By utilizing a high branching factor ($M=100$) and utilizing the horizontal leaf-link chains, the implementation executed complete lateral passes across hundreds of thousands of ordered indices instantly while maintaining predictable execution baselines across structural deletion waves.
### Benchmark Results (High-Load Database Indexing Workloads)
| Database Workload Size ($N$) | Operational Focus | Action Executed | CTBPlusTree Metric | Performance Characteristic |
| :--- | :--- | :--- | :--- | :--- |
| **$N = 200,000$** | Ingestion Stream | 200,000 Randomized Key Inserts | **717 ms** | Highly concurrent node splitting |
| **$N = 200,000$** | Transactional Read | 20,000 Random Point Queries | **32 ms** | Shallow 3-level index tree depth |
| **$N = 200,000$** | Sequential Range Scan | **Scan All 200,000 Records** | **0 ms** | **Bypasses root via lateral leaf links** |
| **$N = 200,000$** | Index Fragmentation | 100,000 Randomized Deletions | **169 ms** | Real-time borrow & merge rebalancing |
## Reproducing the Benchmarks: The Storage Engine Simulation
You can evaluate the optimization metrics yourself by copy-pasting the following industrial telemetry script directly into your Pharo Playground (`Ctrl + O + W`):
```smalltalk
| tree orderSize dataSize random keys insertTime queryTime scanTime deleteTime currentLeaf count report |
"=== Set Up ==="
orderSize := 100. "Branching factor chosen to maximize cache locality"
dataSize := 200000. "Target records to actively index"
tree := CTBPlusTree new.
tree order: orderSize.
random := Random new.
keys := (1 to: dataSize) asOrderedCollection.
keys shuffleBy: random.
"=== Ingestion Phase ==="
insertTime := [
keys do: [ :k | tree at: k put: 'Data_Payload_', k asString ]
] timeToRun.
"=== Random Point Queries ==="
queryTime := [
1 to: 20000 do: [ :i | tree at: (keys at: i) ]
] timeToRun.
"=== Lateral Sequential Range Scan ==="
scanTime := [
count := 0.
currentLeaf := tree firstLeaf.
[ currentLeaf notNil ] whileTrue: [
count := count + currentLeaf keys size.
currentLeaf := currentLeaf nextLeaf.
].
] timeToRun.
"=== Dynamic Deletion Wave ==="
deleteTime := [
1 to: (dataSize // 2) do: [ :i | tree removeKey: (keys at: i) ]
] timeToRun.
"=== Build the Report ==="
report := String streamContents: [ :s |
s nextPutAll: '--- CTBPlusTree Industrial Benchmark ---'; cr; cr.
s nextPutAll: 'Tree Order (Branching): ', orderSize asString; cr.
s nextPutAll: 'Total Initial Records: ', dataSize asString; cr; cr.
s nextPutAll: '[+] Inserted ', dataSize asString, ' randomized keys in: ', insertTime asMilliSeconds asString, ' ms'; cr.
s nextPutAll: '[?] Queried 20,000 random keys in: ', queryTime asMilliSeconds asString, ' ms'; cr.
s nextPutAll: '[>] Scanned ', count asString, ' records sequentially in: ', scanTime asMilliSeconds asString, ' ms'; cr.
s nextPutAll: '[-] Deleted ', (dataSize // 2) asString, ' random keys in: ', deleteTime asMilliSeconds asString, ' ms'; cr; cr.
s nextPutAll: 'Final Tree Size: ', tree size asString; cr.
].
report.
```
## Technical Analysis
- **The $O(1)$ Leaf-Link Advantage:** Clocking a range scan of 200,000 items at **0 ms** highlights the structural superiority of the B+ Tree specification.
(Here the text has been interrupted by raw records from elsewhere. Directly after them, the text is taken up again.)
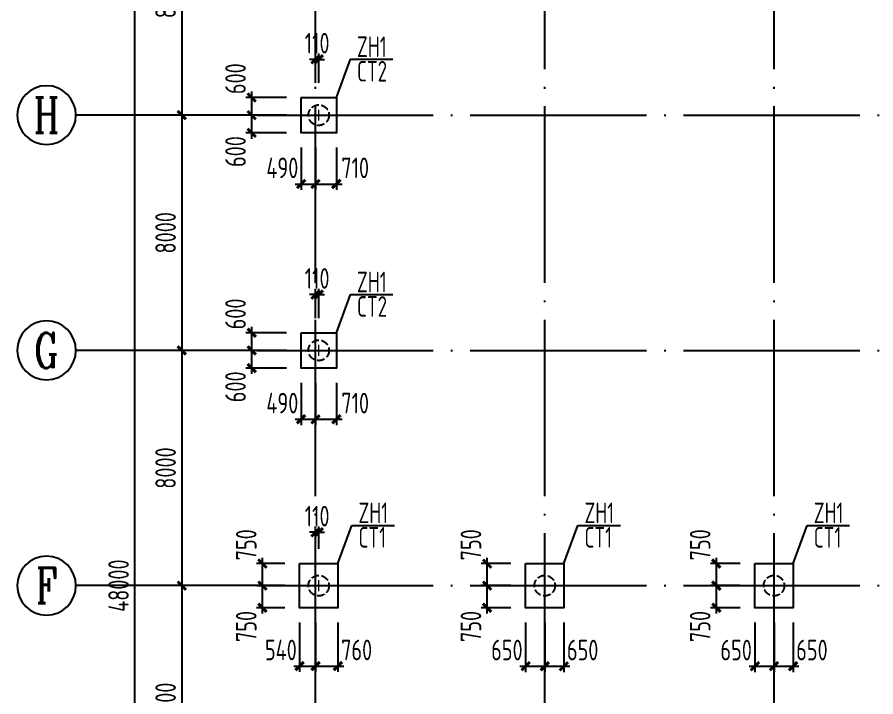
# Model space of a CAD drawing. Extents: x -2746917 to -971774, y -3334247 to -3250358.
# Drawn here: x -2428388 to -2413781, y -3295429 to -3283873 of the extents above; entities that cross this region are included whole.
import ezdxf
from ezdxf.enums import TextEntityAlignment as Align

# ---------------------------------------------------------------- set-up
doc = ezdxf.new("R2010")
doc.units = 0
doc.header["$LTSCALE"] = 1000
doc.header["$MEASUREMENT"] = 0
doc.header["$PDMODE"] = 35
doc.linetypes.add('DASH', pattern=[0.35, 0.25, -0.1])
doc.linetypes.add('DOTE', pattern=[2.42, 2, -0.2, 0.02, -0.2])
doc.layers.get('0').update_dxf_attribs({"linetype": 'CONTINUOUS'})
doc.layers.get('Defpoints').update_dxf_attribs({"linetype": 'CONTINUOUS'})
for name, color, linetype in [('AXIS', 253, 'DOTE'), ('COLU', 7, 'CONTINUOUS'), ('DIM', 3, 'CONTINUOUS'), ('NUM', 7, 'CONTINUOUS'), ('REIN', 1, 'CONTINUOUS'), ('TEXT', 7, 'CONTINUOUS'), ('桩基础', 7, 'CONTINUOUS')]:
    doc.layers.add(name, color=color, linetype=linetype)
doc.styles.add('TSSD_Axis', font='Complex.shx', dxfattribs={"width": 0.7, "bigfont": 'hztxt.shx'})
doc.styles.add('TSSD_Dimension', font='tssdeng.shx', dxfattribs={"width": 0.75, "bigfont": 'Hztxt.shx'})
doc.styles.add('TSSD_Rein', font='Tssdeng.shx', dxfattribs={"width": 0.75, "bigfont": 'hztxt.shx'})
doc.dimstyles.new('TSSD_200_100', dxfattribs={"dimtxt": 350, "dimasz": 100, "dimexe": 100, "dimexo": 250, "dimgap": 100, "dimtad": 1, "dimdec": 0, "dimlfac": 2, "dimzin": 0, "dimdsep": 46, "dimtxsty": 'TSSD_Dimension', "dimblk": 'ARCHTICK', "dimcen": 0, "dimdle": 100, "dimclrt": 7, "dimadec": 0, "dimazin": 0, "dimtfac": 1, "dimtdec": 0, "dimtix": 1, "dimtmove": 2, "dimatfit": 3, "dimfxl": 1, "dimtolj": 1, "dimtzin": 0, "dimarcsym": 0})

# ---------------------------------------------------------------- blocks, each defined once
blk = doc.blocks.new('_ArchTick')
at = {"color": 0, "const_width": 0.5}
blk.add_lwpolyline([(-0.71, -0.71), (0.71, 0.71)], dxfattribs=at)
blk = doc.blocks.new('*D2376')
at = {"layer": 'Defpoints', "color": 0, "ltscale": 1.5}
for p in [(-2424313, -3281539), (-2425588, -3285539), (-2424313, -3285539)]:
    blk.add_point(p, dxfattribs=at)
at = {"layer": 'DIM', "color": 0, "lineweight": -2, "ltscale": 1.5}
for p, q in [((-2424563, -3281539), (-2425688, -3281539)), ((-2425588, -3281439), (-2425588, -3285639)), ((-2424563, -3285539), (-2425688, -3285539))]:
    blk.add_line(p, q, dxfattribs=at)
at = {"layer": 'DIM', "color": 0, "lineweight": -2, "ltscale": 1.5, "xscale": 100, "yscale": 100, "zscale": 100}
for p, rotation in [((-2425588, -3281539), 90), ((-2425588, -3285539), 270)]:
    blk.add_blockref('_ArchTick', p, dxfattribs=dict(at, rotation=rotation))
at = {"layer": 'DIM', "color": 7, "ltscale": 1.5, "insert": (-2425863, -3283539), "char_height": 350, "attachment_point": 5, "rotation": 90, "style": 'TSSD_Dimension'}
blk.add_mtext('\\A1;8000', dxfattribs=at)
blk = doc.blocks.new('*D2377')
at = {"layer": 'Defpoints', "color": 0, "ltscale": 1.5}
for p in [(-2424313, -3285539), (-2425588, -3289539), (-2424313, -3289539)]:
    blk.add_point(p, dxfattribs=at)
at = {"layer": 'DIM', "color": 0, "lineweight": -2, "ltscale": 1.5}
for p, q in [((-2425588, -3285439), (-2425588, -3289639)), ((-2424563, -3285539), (-2425688, -3285539)), ((-2424563, -3289539), (-2425688, -3289539))]:
    blk.add_line(p, q, dxfattribs=at)
at = {"layer": 'DIM', "color": 0, "lineweight": -2, "ltscale": 1.5, "xscale": 100, "yscale": 100, "zscale": 100}
for p, rotation in [((-2425588, -3285539), 90), ((-2425588, -3289539), 270)]:
    blk.add_blockref('_ArchTick', p, dxfattribs=dict(at, rotation=rotation))
at = {"layer": 'DIM', "color": 7, "ltscale": 1.5, "insert": (-2425863, -3287539), "char_height": 350, "attachment_point": 5, "rotation": 90, "style": 'TSSD_Dimension'}
blk.add_mtext('\\A1;8000', dxfattribs=at)
blk = doc.blocks.new('*D2378')
at = {"layer": 'Defpoints', "color": 0, "ltscale": 1.5}
for p in [(-2424313, -3289539), (-2425588, -3293539), (-2424313, -3293539)]:
    blk.add_point(p, dxfattribs=at)
at = {"layer": 'DIM', "color": 0, "lineweight": -2, "ltscale": 1.5}
for p, q in [((-2424563, -3289539), (-2425688, -3289539)), ((-2425588, -3289439), (-2425588, -3293639)), ((-2424563, -3293539), (-2425688, -3293539))]:
    blk.add_line(p, q, dxfattribs=at)
at = {"layer": 'DIM', "color": 0, "lineweight": -2, "ltscale": 1.5, "xscale": 100, "yscale": 100, "zscale": 100}
for p, rotation in [((-2425588, -3289539), 90), ((-2425588, -3293539), 270)]:
    blk.add_blockref('_ArchTick', p, dxfattribs=dict(at, rotation=rotation))
at = {"layer": 'DIM', "color": 7, "ltscale": 1.5, "insert": (-2425863, -3291539), "char_height": 350, "attachment_point": 5, "rotation": 90, "style": 'TSSD_Dimension'}
blk.add_mtext('\\A1;8000', dxfattribs=at)
blk = doc.blocks.new('*D2379')
at = {"layer": 'Defpoints', "color": 0, "ltscale": 1.5}
for p in [(-2424313, -3293539), (-2425588, -3297539), (-2424313, -3297539)]:
    blk.add_point(p, dxfattribs=at)
at = {"layer": 'DIM', "color": 0, "lineweight": -2, "ltscale": 1.5}
for p, q in [((-2425588, -3293439), (-2425588, -3297639)), ((-2424563, -3293539), (-2425688, -3293539)), ((-2424563, -3297539), (-2425688, -3297539))]:
    blk.add_line(p, q, dxfattribs=at)
at = {"layer": 'DIM', "color": 0, "lineweight": -2, "ltscale": 1.5, "xscale": 100, "yscale": 100, "zscale": 100}
for p, rotation in [((-2425588, -3293539), 90), ((-2425588, -3297539), 270)]:
    blk.add_blockref('_ArchTick', p, dxfattribs=dict(at, rotation=rotation))
at = {"layer": 'DIM', "color": 7, "ltscale": 1.5, "insert": (-2425863, -3295539), "char_height": 350, "attachment_point": 5, "rotation": 90, "style": 'TSSD_Dimension'}
blk.add_mtext('\\A1;8000', dxfattribs=at)
blk = doc.blocks.new('*D2382')
at = {"layer": 'Defpoints', "color": 0, "ltscale": 1.5}
for p in [(-2426388, -3281539), (-2424313, -3281539), (-2424313, -3305539)]:
    blk.add_point(p, dxfattribs=at)
at = {"layer": 'DIM', "color": 0, "lineweight": -2, "ltscale": 1.5}
for p, q in [((-2424563, -3281539), (-2426488, -3281539)), ((-2426388, -3305639), (-2426388, -3281439)), ((-2424563, -3305539), (-2426488, -3305539))]:
    blk.add_line(p, q, dxfattribs=at)
at = {"layer": 'DIM', "color": 0, "lineweight": -2, "ltscale": 1.5, "xscale": 100, "yscale": 100, "zscale": 100}
for p, rotation in [((-2426388, -3281539), 90), ((-2426388, -3305539), 270)]:
    blk.add_blockref('_ArchTick', p, dxfattribs=dict(at, rotation=rotation))
at = {"layer": 'DIM', "color": 7, "ltscale": 1.5, "insert": (-2426663, -3293539), "char_height": 350, "attachment_point": 5, "rotation": 90, "style": 'TSSD_Dimension'}
blk.add_mtext('\\A1;48000', dxfattribs=at)
blk = doc.blocks.new('ts_axno')
at = {"color": 0, "linetype": 'ByBlock', "lineweight": -2}
blk.add_circle((0, 0), 0.5, dxfattribs=at)
at = {"color": 0, "linetype": 'ByBlock', "lineweight": -2, "style": 'TSSD_Axis', "width": 0.7}
blk.add_attdef('A', text='', height=0.6, dxfattribs=at).set_placement((0, 0), align=Align.MIDDLE_CENTER)
blk = doc.blocks.new('A$C4DB71547')
at = {"layer": 'REIN', "color": 4, "const_width": 20}
for points in [[(-75, 10), (117, 10)], [(21, 106), (21, -86)]]:
    blk.add_lwpolyline(points, dxfattribs=at)
blk = doc.blocks.new('*D2407')
at = {"layer": 'Defpoints', "color": 0, "ltscale": 1.5}
for p in [(-2419738, -3293914), (-2419413, -3293914), (-2419413, -3294909)]:
    blk.add_point(p, dxfattribs=at)
at = {"layer": 'DIM', "color": 0, "lineweight": -2, "ltscale": 1.5}
for p, q in [((-2419738, -3294164), (-2419738, -3295009)), ((-2419413, -3294164), (-2419413, -3295009)), ((-2419838, -3294909), (-2419313, -3294909))]:
    blk.add_line(p, q, dxfattribs=at)
at = {"layer": 'DIM', "color": 0, "lineweight": -2, "ltscale": 1.5, "xscale": 100, "yscale": 100, "zscale": 100, "rotation": 180}
blk.add_blockref('_ArchTick', (-2419738, -3294909), dxfattribs=at)
at = {"layer": 'DIM', "color": 0, "lineweight": -2, "ltscale": 1.5, "xscale": 100, "yscale": 100, "zscale": 100}
blk.add_blockref('_ArchTick', (-2419413, -3294909), dxfattribs=at)
at = {"layer": 'DIM', "color": 7, "ltscale": 1.5, "insert": (-2420057, -3294634), "char_height": 350, "attachment_point": 5, "style": 'TSSD_Dimension'}
blk.add_mtext('\\A1;650', dxfattribs=at)
blk = doc.blocks.new('*D2408')
at = {"layer": 'Defpoints', "color": 0, "ltscale": 1.5}
for p in [(-2419413, -3293914), (-2419088, -3293914), (-2419088, -3294909)]:
    blk.add_point(p, dxfattribs=at)
at = {"layer": 'DIM', "color": 0, "lineweight": -2, "ltscale": 1.5}
for p, q in [((-2419413, -3294164), (-2419413, -3295009)), ((-2419088, -3294164), (-2419088, -3295009)), ((-2419513, -3294909), (-2418988, -3294909))]:
    blk.add_line(p, q, dxfattribs=at)
at = {"layer": 'DIM', "color": 0, "lineweight": -2, "ltscale": 1.5, "xscale": 100, "yscale": 100, "zscale": 100, "rotation": 180}
blk.add_blockref('_ArchTick', (-2419413, -3294909), dxfattribs=at)
at = {"layer": 'DIM', "color": 0, "lineweight": -2, "ltscale": 1.5, "xscale": 100, "yscale": 100, "zscale": 100}
blk.add_blockref('_ArchTick', (-2419088, -3294909), dxfattribs=at)
at = {"layer": 'DIM', "color": 7, "ltscale": 1.5, "insert": (-2418768, -3294634), "char_height": 350, "attachment_point": 5, "style": 'TSSD_Dimension'}
blk.add_mtext('\\A1;650', dxfattribs=at)
blk = doc.blocks.new('*D2409')
at = {"layer": 'Defpoints', "color": 0, "ltscale": 1.5}
for p in [(-2420394, -3293539), (-2419738, -3293539), (-2419738, -3293914)]:
    blk.add_point(p, dxfattribs=at)
at = {"layer": 'DIM', "color": 0, "lineweight": -2, "ltscale": 1.5}
for p, q in [((-2420394, -3294014), (-2420394, -3293439)), ((-2419988, -3293539), (-2420494, -3293539)), ((-2419988, -3293914), (-2420494, -3293914))]:
    blk.add_line(p, q, dxfattribs=at)
at = {"layer": 'DIM', "color": 0, "lineweight": -2, "ltscale": 1.5, "xscale": 100, "yscale": 100, "zscale": 100}
for p, rotation in [((-2420394, -3293539), 90), ((-2420394, -3293914), 270)]:
    blk.add_blockref('_ArchTick', p, dxfattribs=dict(at, rotation=rotation))
at = {"layer": 'DIM', "color": 7, "ltscale": 1.5, "insert": (-2420669, -3294233), "char_height": 350, "attachment_point": 5, "rotation": 90, "style": 'TSSD_Dimension'}
blk.add_mtext('\\A1;750', dxfattribs=at)
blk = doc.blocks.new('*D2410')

By keeping leaf references sequential, traversing across storage segments behaves like an array walk, completely avoiding recursive algorithmic evaluations.
- **Polymorphic Communication Loops:** Deletions operate rapidly because tree rebalancing is handled as a decentralized system. When a node experiences structural starvation, it wraps itself into a `CTBPlusTreeUnderflow` signal and hands it back up. The parent interceptor acts purely as an orchestrator, deciding whether to execute a localized boundary key borrow or run a total sibling block merge.